徐淏辰第一次產生休學的想法,要留在帝城陪她們。安辛雲氣的腦袋疼,但對這個叛逆的兒子毫無辦法,只能讓徐西漾勸,這家裡,他唯一肯聽的只有徐西漾的話。
那夜,徐西漾做了一個噩夢,她恐怖地看著自己的臉漸漸長滿一道道皺紋,身體萎縮,岣嶁著腰背坐在輪椅上,白髮蒼蒼。
她伸出乾癟的手臂朝前面的男人招手:“宴深,宴深哥哥。”
男人回頭,還是年輕盛世的模樣,高大挺括,他皺眉問:“你是誰?”
“我是漾漾啊。”她急於上前抓住他的手臂,但卻抓了空,掉在地上。
“你不是。”男人絕情,頭也不回地走了,只留給她一個背影。
她哭著往前爬,想要抓住他,卻是徒勞,人像是墜入無底深淵,痛得她喘不過氣,猛地驚醒,她低頭慌亂地摸著自己的臉和身上的肌膚,一遍又一遍,光滑,柔軟,是夢,還好是夢。
她長倏一口氣,但這一驚,再也睡不著。
起身,想去外面的陽臺透口氣,徐淏辰竟也沒睡,趴在陽臺欄杆上看著遠處,少年少有的深沉。
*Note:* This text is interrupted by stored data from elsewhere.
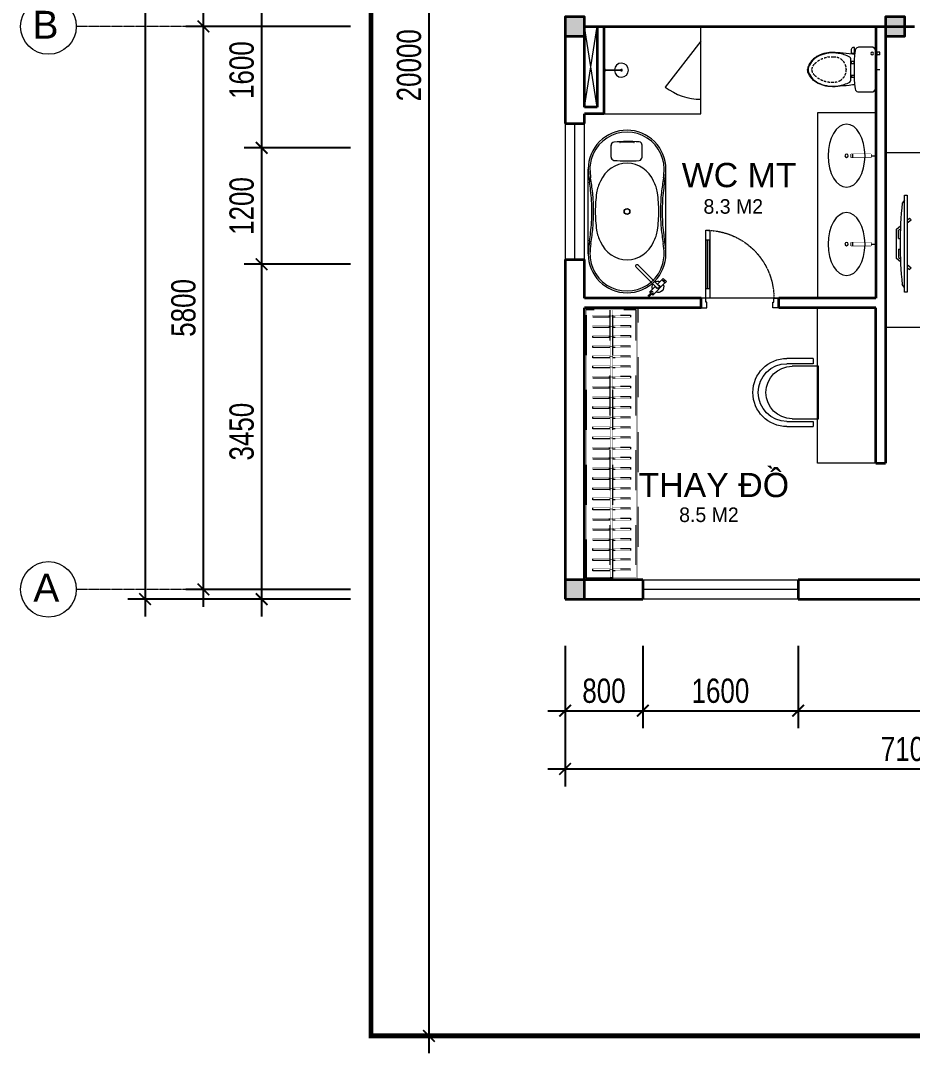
# Model space of a CAD drawing. Header units: millimetres. Extents: x 33748 to 451939, y -263262 to 62681.
# Drawn here: x 204498 to 213685, y -132374 to -121734 of the extents above; entities that cross this region are included whole.
import ezdxf
from ezdxf.enums import TextEntityAlignment as Align

# ---------------------------------------------------------------- set-up
doc = ezdxf.new("R2010")
doc.units = ezdxf.units.MM
doc.header["$PDMODE"] = 98
for name, pattern in [('CENTER', [50.8, 31.75, -6.35, 6.35, -6.35]), ('DASHED', [0.75, 0.5, -0.25]), ('HIDDEN', [0.375, 0.25, -0.125]), ('X-5M-G-MB PHONGNGU$0$HIDDEN2', [0.1875, 0.125, -0.0625]), ('xref-thap C (mb tang 32-2)$0$HIDDEN', [0.375, 0.25, -0.125]), ('Xref-VCMT-BT3 - tuong bao$0$HIDDEN', [0.375, 0.25, -0.125])]:
    doc.linetypes.add(name, pattern=pattern)
doc.layers.get('Defpoints').update_dxf_attribs({"color": 202, "lineweight": 13})
for name, color, linetype, lineweight in [('-CENTER', 143, 'CENTER', 13), ('-CONCRETE', 1, 'Continuous', 35), ('-DOOR', 137, 'Continuous', 9), ('-FURNITURE', 46, 'Continuous', 9), ('-KH', 143, 'Continuous', 13), ('-LINE1', 7, 'Continuous', 18), ('-RANH GIOI KHU DAT', 12, 'CENTER', 18), ('-TEXT', 7, 'Continuous', 15), ('-WALL', 4, 'Continuous', 35), ('Bighome_khuat', 251, 'DASHED', 5)]:
    doc.layers.add(name, color=color, linetype=linetype, lineweight=lineweight)
doc.layers.add('12. NET DIM', color=9, linetype='Continuous')
doc.layers.add('TEXT25', color=2, linetype='Continuous')
doc.styles.add('1', font='arial.ttf')
doc.styles.add('AVANH', font='', dxfattribs={"width": 0.8})
doc.styles.get("Standard").update_dxf_attribs({"font": 'arial.ttf'})
doc.styles.add('T1', font='', dxfattribs={"height": 200})
doc.styles.get('AVANH').set_extended_font_data('.VnAvantH')
doc.styles.get('T1').set_extended_font_data('VNgeometric Light')
doc.dimstyles.new('C_100A3', dxfattribs={"dimscale": 100, "dimtxt": 2.5, "dimasz": 1.2, "dimexe": 1.8, "dimexo": 0, "dimgap": 0.75, "dimtad": 1, "dimdec": 0, "dimzin": 0, "dimdsep": 46, "dimtxsty": 'AVANH', "dimblk": 'ARCHTICK', "dimcen": 0, "dimdle": 1.8, "dimclrd": 256, "dimclre": 256, "dimclrt": 7, "dimadec": 0, "dimazin": 0, "dimtfac": 0.0001, "dimtdec": 0, "dimtix": 1, "dimtmove": 2, "dimatfit": 3, "dimldrblk": 'ARCHTICK', "dimfxl": 1.8, "dimtolj": 1, "dimtzin": 0, "dimarcsym": 0})

# ---------------------------------------------------------------- blocks, each defined once
blk = doc.blocks.new('*U139')
at = {"linetype": 'X-5M-G-MB PHONGNGU$0$HIDDEN2'}
for points in [[(0, 600), (0, 0), (3054, 0), (3054, 600)], [(3034, 580), (3034, 20), (20, 20), (20, 580)], [(3034, 287), (3034, 313), (20, 313), (20, 287)], [(114, 319), (109, 319), (109, 280), (114, 280)], [(228, 319), (223, 319), (223, 280), (228, 280)], [(342, 319), (337, 319), (337, 280), (342, 280)], [(456, 319), (451, 319), (451, 280), (456, 280)], [(570, 319), (565, 319), (565, 280), (570, 280)], [(684, 319), (679, 319), (679, 280), (684, 280)], [(798, 319), (793, 319), (793, 280), (798, 280)], [(912, 319), (907, 319), (907, 280), (912, 280)], [(1026, 319), (1021, 319), (1021, 280), (1026, 280)], [(1140, 319), (1135, 319), (1135, 280), (1140, 280)], [(1254, 319), (1249, 319), (1249, 280), (1254, 280)], [(1368, 319), (1363, 319), (1363, 280), (1368, 280)], [(1482, 319), (1477, 319), (1477, 280), (1482, 280)], [(1596, 319), (1591, 319), (1591, 280), (1596, 280)], [(1710, 319), (1705, 319), (1705, 280), (1710, 280)], [(1824, 319), (1819, 319), (1819, 280), (1824, 280)], [(1938, 319), (1933, 319), (1933, 280), (1938, 280)], [(2052, 319), (2047, 319), (2047, 280), (2052, 280)], [(2166, 319), (2161, 319), (2161, 280), (2166, 280)], [(2280, 319), (2275, 319), (2275, 280), (2280, 280)], [(2394, 319), (2389, 319), (2389, 280), (2394, 280)], [(2508, 319), (2503, 319), (2503, 280), (2508, 280)], [(2622, 319), (2617, 319), (2617, 280), (2622, 280)], [(2736, 319), (2731, 319), (2731, 280), (2736, 280)], [(2850, 319), (2845, 319), (2845, 280), (2850, 280)], [(2964, 319), (2959, 319), (2959, 280), (2964, 280)]]:
    blk.add_lwpolyline(points, close=True, dxfattribs=at)
for points in [[(122, 313), (122, 515), (100, 515), (100, 313)], [(236, 313), (236, 515), (214, 515), (214, 313)], [(350, 313), (350, 515), (328, 515), (328, 313)], [(464, 313), (464, 515), (442, 515), (442, 313)], [(578, 313), (578, 515), (556, 515), (556, 313)], [(692, 313), (692, 515), (670, 515), (670, 313)], [(806, 313), (806, 515), (784, 515), (784, 313)], [(920, 313), (920, 515), (898, 515), (898, 313)], [(1034, 313), (1034, 515), (1012, 515), (1012, 313)], [(1148, 313), (1148, 515), (1126, 515), (1126, 313)], [(1262, 313), (1262, 515), (1240, 515), (1240, 313)], [(1376, 313), (1376, 515), (1354, 515), (1354, 313)], [(1490, 313), (1490, 515), (1468, 515), (1468, 313)], [(1604, 313), (1604, 515), (1582, 515), (1582, 313)], [(1718, 313), (1718, 515), (1696, 515), (1696, 313)], [(1832, 313), (1832, 515), (1810, 515), (1810, 313)], [(1946, 313), (1946, 515), (1924, 515), (1924, 313)], [(2060, 313), (2060, 515), (2038, 515), (2038, 313)], [(2174, 313), (2174, 515), (2152, 515), (2152, 313)], [(2288, 313), (2288, 515), (2266, 515), (2266, 313)], [(2402, 313), (2402, 515), (2380, 515), (2380, 313)], [(2516, 313), (2516, 515), (2494, 515), (2494, 313)], [(2630, 313), (2630, 515), (2608, 515), (2608, 313)], [(2744, 313), (2744, 515), (2722, 515), (2722, 313)], [(2858, 313), (2858, 515), (2836, 515), (2836, 313)], [(2972, 313), (2972, 515), (2950, 515), (2950, 313)], [(100, 287), (100, 92), (122, 92), (122, 287)], [(214, 287), (214, 92), (236, 92), (236, 287)], [(328, 287), (328, 92), (350, 92), (350, 287)], [(442, 287), (442, 92), (464, 92), (464, 287)], [(556, 287), (556, 92), (578, 92), (578, 287)], [(670, 287), (670, 92), (692, 92), (692, 287)], [(784, 287), (784, 92), (806, 92), (806, 287)], [(898, 287), (898, 92), (920, 92), (920, 287)], [(1012, 287), (1012, 92), (1034, 92), (1034, 287)], [(1126, 287), (1126, 92), (1148, 92), (1148, 287)], [(1240, 287), (1240, 92), (1262, 92), (1262, 287)], [(1354, 287), (1354, 92), (1376, 92), (1376, 287)], [(1468, 287), (1468, 92), (1490, 92), (1490, 287)], [(1582, 287), (1582, 92), (1604, 92), (1604, 287)], [(1696, 287), (1696, 92), (1718, 92), (1718, 287)], [(1810, 287), (1810, 92), (1832, 92), (1832, 287)], [(1924, 287), (1924, 92), (1946, 92), (1946, 287)], [(2038, 287), (2038, 92), (2060, 92), (2060, 287)], [(2152, 287), (2152, 92), (2174, 92), (2174, 287)], [(2266, 287), (2266, 92), (2288, 92), (2288, 287)], [(2380, 287), (2380, 92), (2402, 92), (2402, 287)], [(2494, 287), (2494, 92), (2516, 92), (2516, 287)], [(2608, 287), (2608, 92), (2630, 92), (2630, 287)], [(2722, 287), (2722, 92), (2744, 92), (2744, 287)], [(2836, 287), (2836, 92), (2858, 92), (2858, 287)], [(2950, 287), (2950, 92), (2972, 92), (2972, 287)]]:
    blk.add_lwpolyline(points, dxfattribs=at)
blk = doc.blocks.new('A$C52EE6B0C')
for p, q in [((-17.21, 15.73), (17.22, 15.73)), ((-17.21, -15.76), (17.25, -15.76))]:
    blk.add_line(p, q)
for radius in [1.2, 1.06]:
    blk.add_circle((0, -0.01), radius)
for centre, radius, start, end in [((-17.24, -0.01), 15.75, 90, 180.006), ((-17.21, 0), 15.03, 114.0143, 180.0588), ((-17.26, 0.1), 14.92, 89.8926, 114.0143), ((-18.18, -21.57), 37.31, 80.3254, 88.5595), ((-17.86, -16.41), 31.44, 80.9553, 88.8517), ((3.49, 116.01), 102.69, 260.8064, 264.3565), ((10, 158.8), 145.24, 261.3218, 262.6566), ((-0.88, 77.07), 62.8, 262.9723, 270.8035), ((-0.26, -36.68), 49.55, 89.6984, 98.5198), ((-0.44, 89.41), 75.84, 265.3361, 270.3355), ((0.89, 77.07), 62.8, 269.1965, 277.0277), ((0.58, 84.46), 70.9, 269.5363, 275.751), ((0.27, -36.68), 49.55, 81.4802, 90.3016), ((-18.44, 226.88), 214.55, 276.9922, 278.5968), ((-9.99, 158.8), 145.24, 277.3434, 278.6782), ((18.19, -21.57), 37.31, 91.4405, 99.6746), ((17.5, -11.01), 26.04, 90.5716, 98.5262), ((17.38, 0.65), 14.38, 65.524, 90.5716), ((17.25, -0.01), 15.75, 359.994, 90), ((17.03, -0.12), 15.22, 0.4019, 65.524), ((-7.45, -0.4), 12.19, 113.3669, 178.172), ((-5.42, -2.21), 14.69, 98.5198, 117.8513), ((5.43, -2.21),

徐西漾坐到旁邊的躺椅上,姐弟倆都沒有說話,遙看著遠方的燈火。
徐西漾腦子裡不由想起生命的起源,人其實就是物質生長、繁殖、代謝、進化中漸漸產生了意識而形成的。
生命的本質就是出生、成長、衰老、死亡,這個過程,有些條件符合生命延續,有的條件使生命結束。
她感慨:“所以你看啊,對於這廣袤的宇宙來說,我們和這一草一木,和那鋼筋水泥的高樓,並沒有任何區別。”
“存在本身就是消失的過程。”
背對著她趴在陽臺欄杆上的徐淏辰回頭看她,不知道她在說什麼。徐西漾笑笑:“我的意思是,雖然人類的結局都是消失,但泰戈爾說過我們只有獻出生命,才能得到生命,也就是說要活得精彩有價值,不要碌碌無為。徐淏辰,既然來這人世走一趟,做點有意義的事情如何?”
類似的話,安辛雲對徐淏辰說過無數次,但都被當成耳邊風。唯有徐西漾說,少年才會認真聽:“姐姐希望我做什麼?”
徐西漾:“姐姐希望你的人生有意義有價值,希望你將來能去見星辰大海,去見廣闊的世界。”
“如果姐姐見不到了,希望你能替姐姐去看。”
徐淏辰一句話沒說,轉身再次背對著她,只有肩膀在劇烈聳動。
第二天早起,徐淏辰就不見了蹤影。
“回逯城了?”徐西漾問。
“他凌晨就走了,說要去趕第一節課,週末再過來看你。”安辛雲回答著,這孩子,想一齣是一齣,她管不住。
徐淏辰清晨落地逯城機場,揹著雙肩包從出口處出來,短短幾天,從一個桀驁不馴的叛逆少年,變得溫順,穿著中規中矩的白T恤,牛仔褲,板鞋,整個人竟有一絲斯文氣。
出口處,今天很熱鬧,好幾個女孩舉著手機或者相機,往他旁邊跑,他不備,書包被撞了一下,靠在牆邊站著。
“弟弟?”這時,忽然一個聲音在他耳邊響起。
他有些不悅,抬眸看,竟是那個女明星向筱,之前深夜在酒店見過一次,和岑家那個岑宴深。
他一句話沒說,拽了拽書包,清瘦的身影從人群裡走過。
向筱朝粉絲們擺擺手,為了方便粉絲接機,她特意走的普通通道,她一向走親民路線的。